▸ **What to do**
Please return only the lines from the one holding "normal blind 3.175" through the one holding "point P2 (-158.75, -184.15)", exactly as they appear in the records below, both ends included.

▸ **Record set**
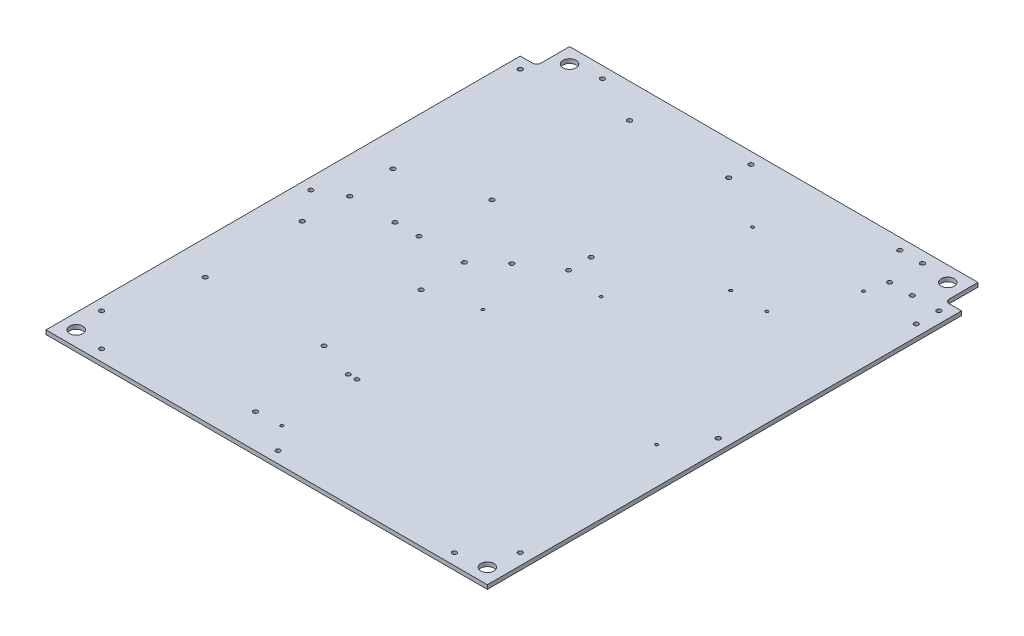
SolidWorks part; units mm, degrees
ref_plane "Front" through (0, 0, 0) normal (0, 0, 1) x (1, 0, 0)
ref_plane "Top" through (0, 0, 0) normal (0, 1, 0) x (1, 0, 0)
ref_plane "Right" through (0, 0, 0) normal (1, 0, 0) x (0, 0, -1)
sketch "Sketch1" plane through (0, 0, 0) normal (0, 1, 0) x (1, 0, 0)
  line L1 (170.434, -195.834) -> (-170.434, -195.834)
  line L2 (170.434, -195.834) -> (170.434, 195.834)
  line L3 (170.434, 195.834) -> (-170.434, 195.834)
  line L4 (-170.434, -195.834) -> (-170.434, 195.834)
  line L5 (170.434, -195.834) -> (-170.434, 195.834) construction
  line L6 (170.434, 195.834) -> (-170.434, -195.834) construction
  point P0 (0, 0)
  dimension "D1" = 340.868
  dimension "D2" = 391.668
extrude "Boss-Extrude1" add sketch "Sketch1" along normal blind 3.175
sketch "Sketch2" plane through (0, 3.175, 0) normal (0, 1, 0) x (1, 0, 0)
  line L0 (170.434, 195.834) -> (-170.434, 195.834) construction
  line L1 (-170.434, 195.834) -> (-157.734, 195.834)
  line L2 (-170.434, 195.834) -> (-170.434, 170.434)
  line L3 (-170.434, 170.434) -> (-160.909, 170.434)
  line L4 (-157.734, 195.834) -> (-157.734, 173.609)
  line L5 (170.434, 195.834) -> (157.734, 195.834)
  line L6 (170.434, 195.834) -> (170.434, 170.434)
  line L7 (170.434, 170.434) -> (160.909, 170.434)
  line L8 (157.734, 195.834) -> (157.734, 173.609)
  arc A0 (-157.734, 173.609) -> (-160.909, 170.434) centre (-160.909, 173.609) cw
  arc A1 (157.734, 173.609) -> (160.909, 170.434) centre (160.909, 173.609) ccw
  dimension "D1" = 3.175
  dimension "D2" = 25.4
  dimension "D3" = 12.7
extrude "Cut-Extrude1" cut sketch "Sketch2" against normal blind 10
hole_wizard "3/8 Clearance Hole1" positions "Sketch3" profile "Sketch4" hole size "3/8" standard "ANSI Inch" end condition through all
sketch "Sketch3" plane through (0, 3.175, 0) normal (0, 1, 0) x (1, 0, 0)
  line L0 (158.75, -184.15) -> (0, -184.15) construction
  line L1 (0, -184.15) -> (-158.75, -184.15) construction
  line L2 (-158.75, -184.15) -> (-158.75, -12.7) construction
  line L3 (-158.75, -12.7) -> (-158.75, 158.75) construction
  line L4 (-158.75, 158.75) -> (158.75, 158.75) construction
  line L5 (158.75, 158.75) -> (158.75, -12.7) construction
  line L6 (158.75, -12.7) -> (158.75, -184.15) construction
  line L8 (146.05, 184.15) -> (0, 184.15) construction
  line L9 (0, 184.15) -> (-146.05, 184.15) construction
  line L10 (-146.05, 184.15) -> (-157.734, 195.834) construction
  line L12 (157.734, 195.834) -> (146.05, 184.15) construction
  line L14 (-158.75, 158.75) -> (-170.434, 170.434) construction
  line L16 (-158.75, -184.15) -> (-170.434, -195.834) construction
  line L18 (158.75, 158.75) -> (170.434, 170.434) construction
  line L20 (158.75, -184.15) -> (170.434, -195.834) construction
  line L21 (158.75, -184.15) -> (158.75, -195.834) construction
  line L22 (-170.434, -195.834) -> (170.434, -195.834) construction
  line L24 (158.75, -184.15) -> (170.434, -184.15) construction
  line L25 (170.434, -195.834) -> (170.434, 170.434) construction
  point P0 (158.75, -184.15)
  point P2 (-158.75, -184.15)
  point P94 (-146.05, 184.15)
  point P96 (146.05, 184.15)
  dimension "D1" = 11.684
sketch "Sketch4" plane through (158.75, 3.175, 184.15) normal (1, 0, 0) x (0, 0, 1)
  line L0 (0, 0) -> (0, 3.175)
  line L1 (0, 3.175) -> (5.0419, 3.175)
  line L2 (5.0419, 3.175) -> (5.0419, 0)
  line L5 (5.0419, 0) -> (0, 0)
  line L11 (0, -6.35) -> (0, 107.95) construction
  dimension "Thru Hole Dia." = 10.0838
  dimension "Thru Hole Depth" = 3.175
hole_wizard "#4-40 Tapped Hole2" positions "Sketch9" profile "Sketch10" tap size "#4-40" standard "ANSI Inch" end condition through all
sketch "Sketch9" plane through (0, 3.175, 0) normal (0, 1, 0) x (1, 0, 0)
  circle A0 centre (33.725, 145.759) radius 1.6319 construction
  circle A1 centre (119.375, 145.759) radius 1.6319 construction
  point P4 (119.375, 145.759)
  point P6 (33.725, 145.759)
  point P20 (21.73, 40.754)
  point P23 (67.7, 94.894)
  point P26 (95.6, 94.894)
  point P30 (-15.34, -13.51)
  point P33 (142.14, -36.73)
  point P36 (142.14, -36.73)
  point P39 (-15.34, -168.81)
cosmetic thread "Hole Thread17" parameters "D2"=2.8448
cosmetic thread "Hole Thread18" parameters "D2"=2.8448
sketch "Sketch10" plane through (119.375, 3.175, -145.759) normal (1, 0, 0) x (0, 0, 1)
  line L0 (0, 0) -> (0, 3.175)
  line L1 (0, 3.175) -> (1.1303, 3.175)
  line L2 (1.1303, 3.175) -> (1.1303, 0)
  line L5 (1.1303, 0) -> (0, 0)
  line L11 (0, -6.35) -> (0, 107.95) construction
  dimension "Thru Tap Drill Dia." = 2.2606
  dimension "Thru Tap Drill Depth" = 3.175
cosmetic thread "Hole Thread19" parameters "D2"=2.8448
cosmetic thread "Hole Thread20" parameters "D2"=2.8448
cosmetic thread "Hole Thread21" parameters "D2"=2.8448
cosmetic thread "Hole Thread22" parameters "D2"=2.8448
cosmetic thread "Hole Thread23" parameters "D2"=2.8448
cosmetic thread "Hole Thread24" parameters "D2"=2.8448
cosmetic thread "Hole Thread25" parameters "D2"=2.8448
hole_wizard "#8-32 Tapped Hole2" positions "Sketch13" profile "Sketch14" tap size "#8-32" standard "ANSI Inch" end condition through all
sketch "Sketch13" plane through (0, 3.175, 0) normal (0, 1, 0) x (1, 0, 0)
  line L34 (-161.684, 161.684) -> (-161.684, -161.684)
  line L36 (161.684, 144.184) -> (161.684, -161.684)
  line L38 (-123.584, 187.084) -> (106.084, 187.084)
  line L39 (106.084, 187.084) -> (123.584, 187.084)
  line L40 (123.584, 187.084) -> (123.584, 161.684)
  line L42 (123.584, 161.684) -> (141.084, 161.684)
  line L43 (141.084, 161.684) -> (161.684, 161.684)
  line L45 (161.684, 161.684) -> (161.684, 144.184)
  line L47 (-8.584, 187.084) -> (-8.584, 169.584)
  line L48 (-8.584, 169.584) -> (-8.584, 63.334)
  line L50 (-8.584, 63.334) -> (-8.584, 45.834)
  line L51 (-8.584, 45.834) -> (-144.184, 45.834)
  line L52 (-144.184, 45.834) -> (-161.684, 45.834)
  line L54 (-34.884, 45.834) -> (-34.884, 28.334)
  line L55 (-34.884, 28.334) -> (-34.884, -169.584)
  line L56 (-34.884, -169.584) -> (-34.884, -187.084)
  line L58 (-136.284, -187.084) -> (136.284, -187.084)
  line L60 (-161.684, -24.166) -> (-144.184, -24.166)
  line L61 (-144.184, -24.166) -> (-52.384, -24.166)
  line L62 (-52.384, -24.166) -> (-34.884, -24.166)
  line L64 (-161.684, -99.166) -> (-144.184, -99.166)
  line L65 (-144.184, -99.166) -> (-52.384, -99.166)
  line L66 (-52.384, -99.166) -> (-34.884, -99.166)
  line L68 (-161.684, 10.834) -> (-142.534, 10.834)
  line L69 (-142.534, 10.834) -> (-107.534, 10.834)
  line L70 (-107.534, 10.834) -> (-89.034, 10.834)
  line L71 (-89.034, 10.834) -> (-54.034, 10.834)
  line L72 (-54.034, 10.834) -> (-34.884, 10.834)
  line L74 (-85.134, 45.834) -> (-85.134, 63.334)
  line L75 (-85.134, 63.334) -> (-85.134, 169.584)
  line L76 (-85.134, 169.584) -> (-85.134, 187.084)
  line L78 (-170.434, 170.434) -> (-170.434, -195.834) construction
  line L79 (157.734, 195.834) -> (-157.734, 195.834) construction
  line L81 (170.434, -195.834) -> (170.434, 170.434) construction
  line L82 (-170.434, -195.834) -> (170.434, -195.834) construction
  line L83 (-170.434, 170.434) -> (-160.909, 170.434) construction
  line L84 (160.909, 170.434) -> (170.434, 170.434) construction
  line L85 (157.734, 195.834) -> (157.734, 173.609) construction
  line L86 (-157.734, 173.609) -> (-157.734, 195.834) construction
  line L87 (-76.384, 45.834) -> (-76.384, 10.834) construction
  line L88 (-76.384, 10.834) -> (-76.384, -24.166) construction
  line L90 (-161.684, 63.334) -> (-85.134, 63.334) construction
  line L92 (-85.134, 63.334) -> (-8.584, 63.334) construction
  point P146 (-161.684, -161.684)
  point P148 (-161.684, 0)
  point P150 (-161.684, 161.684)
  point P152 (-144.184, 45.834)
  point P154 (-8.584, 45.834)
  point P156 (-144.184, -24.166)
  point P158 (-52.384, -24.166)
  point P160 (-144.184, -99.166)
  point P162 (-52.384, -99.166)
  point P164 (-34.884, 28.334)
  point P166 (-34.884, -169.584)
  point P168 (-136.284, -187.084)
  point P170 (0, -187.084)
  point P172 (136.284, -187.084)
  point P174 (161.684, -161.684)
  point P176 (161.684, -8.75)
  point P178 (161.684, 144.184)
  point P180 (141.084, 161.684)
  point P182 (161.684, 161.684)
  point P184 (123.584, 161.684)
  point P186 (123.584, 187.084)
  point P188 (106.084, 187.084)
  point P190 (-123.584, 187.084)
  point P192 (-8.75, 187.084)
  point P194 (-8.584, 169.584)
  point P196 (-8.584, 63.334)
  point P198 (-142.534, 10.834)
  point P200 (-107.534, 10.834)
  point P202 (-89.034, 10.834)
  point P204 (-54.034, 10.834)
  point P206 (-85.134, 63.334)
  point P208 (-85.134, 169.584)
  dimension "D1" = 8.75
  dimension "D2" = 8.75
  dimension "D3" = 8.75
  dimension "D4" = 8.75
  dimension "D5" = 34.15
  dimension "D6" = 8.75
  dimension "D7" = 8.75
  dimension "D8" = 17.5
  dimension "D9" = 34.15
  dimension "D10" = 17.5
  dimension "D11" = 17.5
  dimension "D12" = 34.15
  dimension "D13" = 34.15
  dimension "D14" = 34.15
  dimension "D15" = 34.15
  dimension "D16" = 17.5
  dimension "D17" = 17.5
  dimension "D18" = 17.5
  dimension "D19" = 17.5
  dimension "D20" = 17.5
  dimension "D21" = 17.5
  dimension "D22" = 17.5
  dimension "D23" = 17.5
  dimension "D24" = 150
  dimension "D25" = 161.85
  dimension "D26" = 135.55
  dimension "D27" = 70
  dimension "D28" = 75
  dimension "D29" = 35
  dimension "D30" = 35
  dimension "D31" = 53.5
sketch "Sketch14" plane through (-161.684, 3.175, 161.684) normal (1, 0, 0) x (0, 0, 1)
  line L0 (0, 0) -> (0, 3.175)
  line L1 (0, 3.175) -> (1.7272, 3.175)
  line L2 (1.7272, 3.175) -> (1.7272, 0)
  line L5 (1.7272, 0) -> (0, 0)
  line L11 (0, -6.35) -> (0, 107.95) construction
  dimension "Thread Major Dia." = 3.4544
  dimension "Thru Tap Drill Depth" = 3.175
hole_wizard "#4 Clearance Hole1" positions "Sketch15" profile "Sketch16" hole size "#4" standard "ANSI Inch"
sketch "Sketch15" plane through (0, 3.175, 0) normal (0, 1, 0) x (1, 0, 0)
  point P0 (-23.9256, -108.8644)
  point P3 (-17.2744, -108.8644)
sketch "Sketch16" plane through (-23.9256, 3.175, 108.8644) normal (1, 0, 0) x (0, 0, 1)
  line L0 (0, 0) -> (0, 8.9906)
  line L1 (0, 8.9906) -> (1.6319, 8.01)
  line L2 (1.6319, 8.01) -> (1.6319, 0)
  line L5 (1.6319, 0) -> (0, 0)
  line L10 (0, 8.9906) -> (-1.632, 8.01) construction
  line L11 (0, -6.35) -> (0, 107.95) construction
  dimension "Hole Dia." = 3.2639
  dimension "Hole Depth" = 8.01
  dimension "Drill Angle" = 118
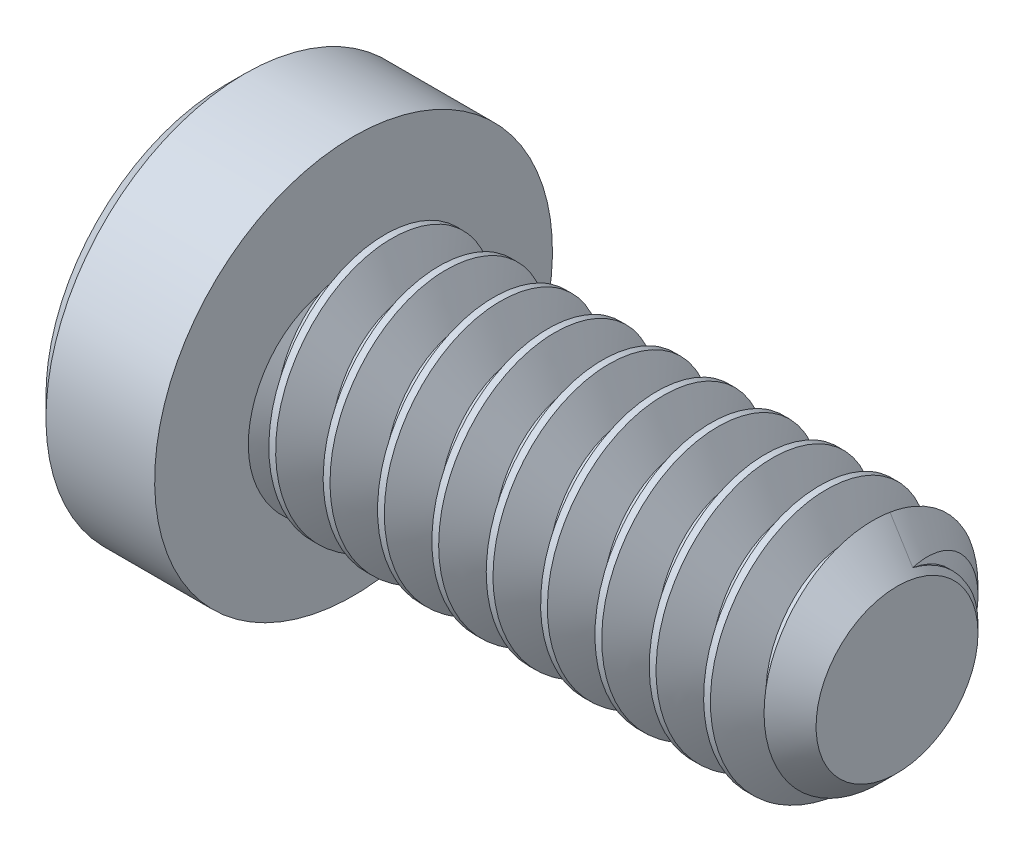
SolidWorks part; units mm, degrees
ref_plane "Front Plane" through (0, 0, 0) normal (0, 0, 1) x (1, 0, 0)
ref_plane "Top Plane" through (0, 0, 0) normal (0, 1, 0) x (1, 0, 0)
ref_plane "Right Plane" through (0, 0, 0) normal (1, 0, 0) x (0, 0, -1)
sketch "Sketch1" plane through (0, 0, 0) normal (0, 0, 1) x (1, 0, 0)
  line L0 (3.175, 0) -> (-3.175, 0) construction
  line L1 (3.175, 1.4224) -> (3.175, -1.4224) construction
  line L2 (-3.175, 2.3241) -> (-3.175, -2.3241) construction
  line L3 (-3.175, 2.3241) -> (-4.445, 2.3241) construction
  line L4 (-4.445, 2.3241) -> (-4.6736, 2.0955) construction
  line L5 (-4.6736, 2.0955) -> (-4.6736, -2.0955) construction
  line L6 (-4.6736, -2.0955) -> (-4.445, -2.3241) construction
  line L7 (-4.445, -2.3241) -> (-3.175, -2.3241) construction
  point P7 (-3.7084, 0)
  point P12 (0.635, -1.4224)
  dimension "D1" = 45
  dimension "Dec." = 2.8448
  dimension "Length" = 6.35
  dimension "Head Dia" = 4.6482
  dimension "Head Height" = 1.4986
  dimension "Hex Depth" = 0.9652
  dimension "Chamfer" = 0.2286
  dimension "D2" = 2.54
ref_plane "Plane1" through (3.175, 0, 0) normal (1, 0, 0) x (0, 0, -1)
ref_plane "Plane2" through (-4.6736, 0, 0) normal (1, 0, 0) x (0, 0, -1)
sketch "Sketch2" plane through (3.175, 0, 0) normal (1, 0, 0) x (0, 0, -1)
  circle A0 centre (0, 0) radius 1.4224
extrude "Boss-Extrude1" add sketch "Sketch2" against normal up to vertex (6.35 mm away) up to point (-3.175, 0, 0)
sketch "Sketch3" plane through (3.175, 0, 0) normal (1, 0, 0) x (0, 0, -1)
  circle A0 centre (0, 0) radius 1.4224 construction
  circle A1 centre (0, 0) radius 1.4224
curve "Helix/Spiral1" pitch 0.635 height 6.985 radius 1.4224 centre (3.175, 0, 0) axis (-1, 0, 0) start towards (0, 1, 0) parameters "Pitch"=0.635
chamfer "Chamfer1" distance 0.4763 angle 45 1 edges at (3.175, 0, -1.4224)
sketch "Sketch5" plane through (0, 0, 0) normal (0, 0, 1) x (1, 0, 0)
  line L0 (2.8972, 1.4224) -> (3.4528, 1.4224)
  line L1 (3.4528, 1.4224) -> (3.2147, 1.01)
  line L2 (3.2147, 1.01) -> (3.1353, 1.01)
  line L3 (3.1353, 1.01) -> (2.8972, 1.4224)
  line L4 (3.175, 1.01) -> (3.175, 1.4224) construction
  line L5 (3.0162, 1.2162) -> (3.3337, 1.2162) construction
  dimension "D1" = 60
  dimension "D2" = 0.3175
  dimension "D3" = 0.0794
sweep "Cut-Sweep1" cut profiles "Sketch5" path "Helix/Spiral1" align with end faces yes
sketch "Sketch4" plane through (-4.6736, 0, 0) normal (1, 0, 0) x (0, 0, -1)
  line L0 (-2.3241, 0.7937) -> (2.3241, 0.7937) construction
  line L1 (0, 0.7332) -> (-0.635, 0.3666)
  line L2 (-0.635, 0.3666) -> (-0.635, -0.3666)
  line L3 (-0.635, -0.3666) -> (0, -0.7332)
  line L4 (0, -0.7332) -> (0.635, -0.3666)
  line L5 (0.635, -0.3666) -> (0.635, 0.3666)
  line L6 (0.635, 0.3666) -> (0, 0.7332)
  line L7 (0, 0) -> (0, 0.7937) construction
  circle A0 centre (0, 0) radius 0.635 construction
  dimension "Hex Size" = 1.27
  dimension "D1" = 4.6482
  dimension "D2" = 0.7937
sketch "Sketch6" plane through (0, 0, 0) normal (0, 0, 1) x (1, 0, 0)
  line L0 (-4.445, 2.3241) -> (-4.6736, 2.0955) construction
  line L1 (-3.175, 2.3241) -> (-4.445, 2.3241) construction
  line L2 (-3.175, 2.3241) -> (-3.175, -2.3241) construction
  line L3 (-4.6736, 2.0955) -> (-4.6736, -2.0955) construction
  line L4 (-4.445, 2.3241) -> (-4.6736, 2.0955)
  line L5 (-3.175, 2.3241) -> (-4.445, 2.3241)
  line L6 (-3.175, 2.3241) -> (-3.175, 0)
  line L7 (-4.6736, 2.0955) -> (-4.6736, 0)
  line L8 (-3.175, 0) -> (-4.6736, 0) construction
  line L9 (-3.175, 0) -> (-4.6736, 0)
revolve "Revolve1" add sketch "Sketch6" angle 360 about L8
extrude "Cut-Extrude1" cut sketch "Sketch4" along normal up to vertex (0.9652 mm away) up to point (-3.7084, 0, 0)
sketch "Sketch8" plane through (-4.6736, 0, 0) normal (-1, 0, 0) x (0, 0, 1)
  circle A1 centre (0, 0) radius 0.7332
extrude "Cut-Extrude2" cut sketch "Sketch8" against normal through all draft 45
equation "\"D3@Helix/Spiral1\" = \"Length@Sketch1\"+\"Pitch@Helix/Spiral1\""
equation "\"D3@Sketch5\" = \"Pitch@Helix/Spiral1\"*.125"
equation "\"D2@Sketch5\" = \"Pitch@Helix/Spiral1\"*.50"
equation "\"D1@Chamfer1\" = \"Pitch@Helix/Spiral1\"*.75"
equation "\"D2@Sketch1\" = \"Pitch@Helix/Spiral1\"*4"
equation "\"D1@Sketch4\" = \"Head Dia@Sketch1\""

▸ **Problem solution**
extrude "Boss-Extrude1" add sketch "Sketch1" along normal blind 3.175
sketch "Sketch2" plane through (0, 3.175, 0) normal (0, 1, 0) x (1, 0, 0)
  line L0 (170.434, 195.834) -> (-170.434, 195.834) construction
  line L1 (-170.434, 195.834) -> (-157.734, 195.834)
  line L2 (-170.434, 195.834) -> (-170.434, 170.434)
  line L3 (-170.434, 170.434) -> (-160.909, 170.434)
  line L4 (-157.734, 195.834) -> (-157.734, 173.609)
  line L5 (170.434, 195.834) -> (157.734, 195.834)
  line L6 (170.434, 195.834) -> (170.434, 170.434)
  line L7 (170.434, 170.434) -> (160.909, 170.434)
  line L8 (157.734, 195.834) -> (157.734, 173.609)
  arc A0 (-157.734, 173.609) -> (-160.909, 170.434) centre (-160.909, 173.609) cw
  arc A1 (157.734, 173.609) -> (160.909, 170.434) centre (160.909, 173.609) ccw
  dimension "D1" = 3.175
  dimension "D2" = 25.4
  dimension "D3" = 12.7
extrude "Cut-Extrude1" cut sketch "Sketch2" against normal blind 10
hole_wizard "3/8 Clearance Hole1" positions "Sketch3" profile "Sketch4" hole size "3/8" standard "ANSI Inch" end condition through all
sketch "Sketch3" plane through (0, 3.175, 0) normal (0, 1, 0) x (1, 0, 0)
  line L0 (158.75, -184.15) -> (0, -184.15) construction
  line L1 (0, -184.15) -> (-158.75, -184.15) construction
  line L2 (-158.75, -184.15) -> (-158.75, -12.7) construction
  line L3 (-158.75, -12.7) -> (-158.75, 158.75) construction
  line L4 (-158.75, 158.75) -> (158.75, 158.75) construction
  line L5 (158.75, 158.75) -> (158.75, -12.7) construction
  line L6 (158.75, -12.7) -> (158.75, -184.15) construction
  line L8 (146.05, 184.15) -> (0, 184.15) construction
  line L9 (0, 184.15) -> (-146.05, 184.15) construction
  line L10 (-146.05, 184.15) -> (-157.734, 195.834) construction
  line L12 (157.734, 195.834) -> (146.05, 184.15) construction
  line L14 (-158.75, 158.75) -> (-170.434, 170.434) construction
  line L16 (-158.75, -184.15) -> (-170.434, -195.834) construction
  line L18 (158.75, 158.75) -> (170.434, 170.434) construction
  line L20 (158.75, -184.15) -> (170.434, -195.834) construction
  line L21 (158.75, -184.15) -> (158.75, -195.834) construction
  line L22 (-170.434, -195.834) -> (170.434, -195.834) construction
  line L24 (158.75, -184.15) -> (170.434, -184.15) construction
  line L25 (170.434, -195.834) -> (170.434, 170.434) construction
  point P0 (158.75, -184.15)
  point P2 (-158.75, -184.15)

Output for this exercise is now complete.